[Dataset entries]
----------
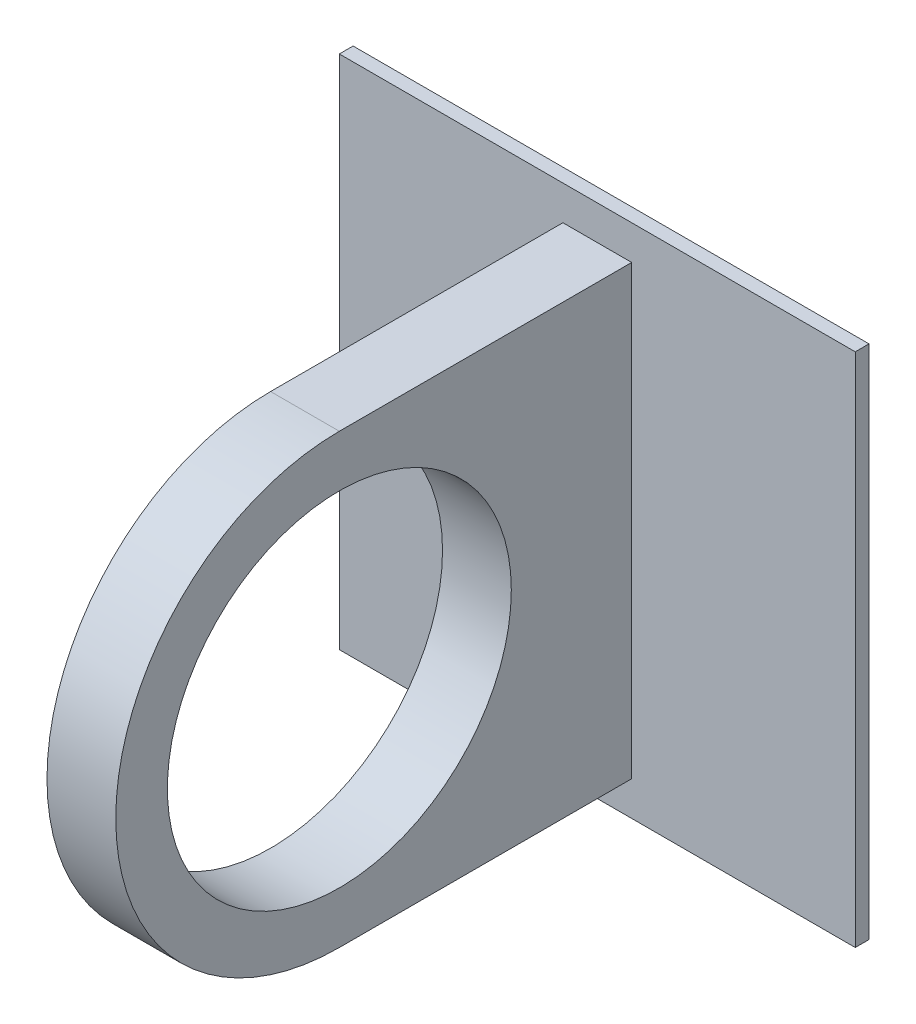
SolidWorks part; units mm, degrees
ref_plane "Front Plane" through (0, 0, 0) normal (0, 0, 1) x (1, 0, 0)
ref_plane "Top Plane" through (0, 0, 0) normal (0, 1, 0) x (1, 0, 0)
ref_plane "Right Plane" through (0, 0, 0) normal (1, 0, 0) x (0, 0, -1)
sketch "Sketch2" plane through (0, 0, 0) normal (0, 0, 1) x (1, 0, 0)
  line L1 (-9.525, -9.525) -> (9.525, -9.525)
  line L2 (-9.525, -9.525) -> (-9.525, 9.525)
  line L3 (-9.525, 9.525) -> (9.525, 9.525)
  line L4 (9.525, -9.525) -> (9.525, 9.525)
  line L5 (-9.525, -9.525) -> (9.525, 9.525) construction
  line L6 (-9.525, 9.525) -> (9.525, -9.525) construction
  point P0 (0, 0)
  dimension "D1" = 19.05
  dimension "D2" = 19.05
extrude "Boss-Extrude1" add sketch "Sketch2" along normal blind 0.508
sketch "Sketch3" plane through (0, 0, 0.508) normal (0, 0, 1) x (1, 0, 0)
  line L0 (0, 9.525) -> (0, -9.525) construction
  line L1 (9.525, 9.525) -> (-9.525, 9.525) construction
  line L2 (-9.525, -9.525) -> (9.525, -9.525) construction
  line L3 (-9.525, 0) -> (9.525, 0) construction
  line L4 (-9.525, 9.525) -> (-9.525, -9.525) construction
  line L5 (9.525, -9.525) -> (9.525, 9.525) construction
  line L7 (-1.27, -8.255) -> (1.27, -8.255)
  line L8 (-1.27, -8.255) -> (-1.27, 8.255)
  line L9 (-1.27, 8.255) -> (1.27, 8.255)
  line L10 (1.27, -8.255) -> (1.27, 8.255)
  line L11 (-1.27, -8.255) -> (1.27, 8.255) construction
  line L12 (-1.27, 8.255) -> (1.27, -8.255) construction
  point P12 (0, 0)
  dimension "D1" = 16.51
  dimension "D2" = 2.54
extrude "Boss-Extrude2" add sketch "Sketch3" along normal blind 19.05
sketch "Sketch4" plane through (1.27, 0, 0) normal (1, 0, 0) x (0, 0, -1)
  line L1 (-19.558, 0) -> (-0.508, 0) construction
  line L2 (-19.558, -8.255) -> (-19.558, 8.255) construction
  line L3 (-0.508, -9.525) -> (-0.508, 9.525) construction
  circle A0 centre (-11.303, 0) radius 8.255 construction
  circle A1 centre (-11.303, 0) radius 6.35
  point P20 (-11.303, 49.176)
  point P21 (-97.2471, 35.4175)
  point P22 (0, 0)
  dimension "D1" = 16.51
  dimension "D3" = 12.7
  dimension "D2" = 8.255
extrude "Cut-Extrude1" cut sketch "Sketch4" against normal up to next
sketch "Sketch9" plane through (1.27, 0, 0) normal (1, 0, 0) x (0, 0, -1)
  line L0 (-11.303, 0) -> (-11.303, 7.62) construction
  arc A0 (-11.303, 10.4775) -> (-11.303, -10.4775) centre (-11.303, 0) ccw construction
  arc A1 (-11.303, 12.7) -> (-11.303, -12.7) centre (-11.303, 0) ccw
  arc A2 (-11.303, 8.255) -> (-11.303, -8.255) centre (-11.303, 0) ccw
  arc A3 (-11.303, 8.255) -> (-11.303, 12.7) centre (-11.303, 10.4775) ccw
  arc A4 (-11.303, -12.7) -> (-11.303, -8.255) centre (-11.303, -10.4775) ccw
  point P4 (-21.7805, 0)
  point P10 (0, 0)
  point P11 (0, 0)
  dimension "D2" = 12.7
  dimension "D1" = 16.51
extrude "Cut-Extrude2" cut sketch "Sketch9" against normal up to next contours A2 A4 A1 A3
----------
# Work instructions:
Where the line containing "point P10 (0, 0)" appears in the records above, begin there and print every line through the last, exactly and with nothing else.

# Solution:
  point P10 (0, 0)
  point P11 (0, 0)
  dimension "D2" = 12.7
  dimension "D1" = 16.51
extrude "Cut-Extrude2" cut sketch "Sketch9" against normal up to next contours A2 A4 A1 A3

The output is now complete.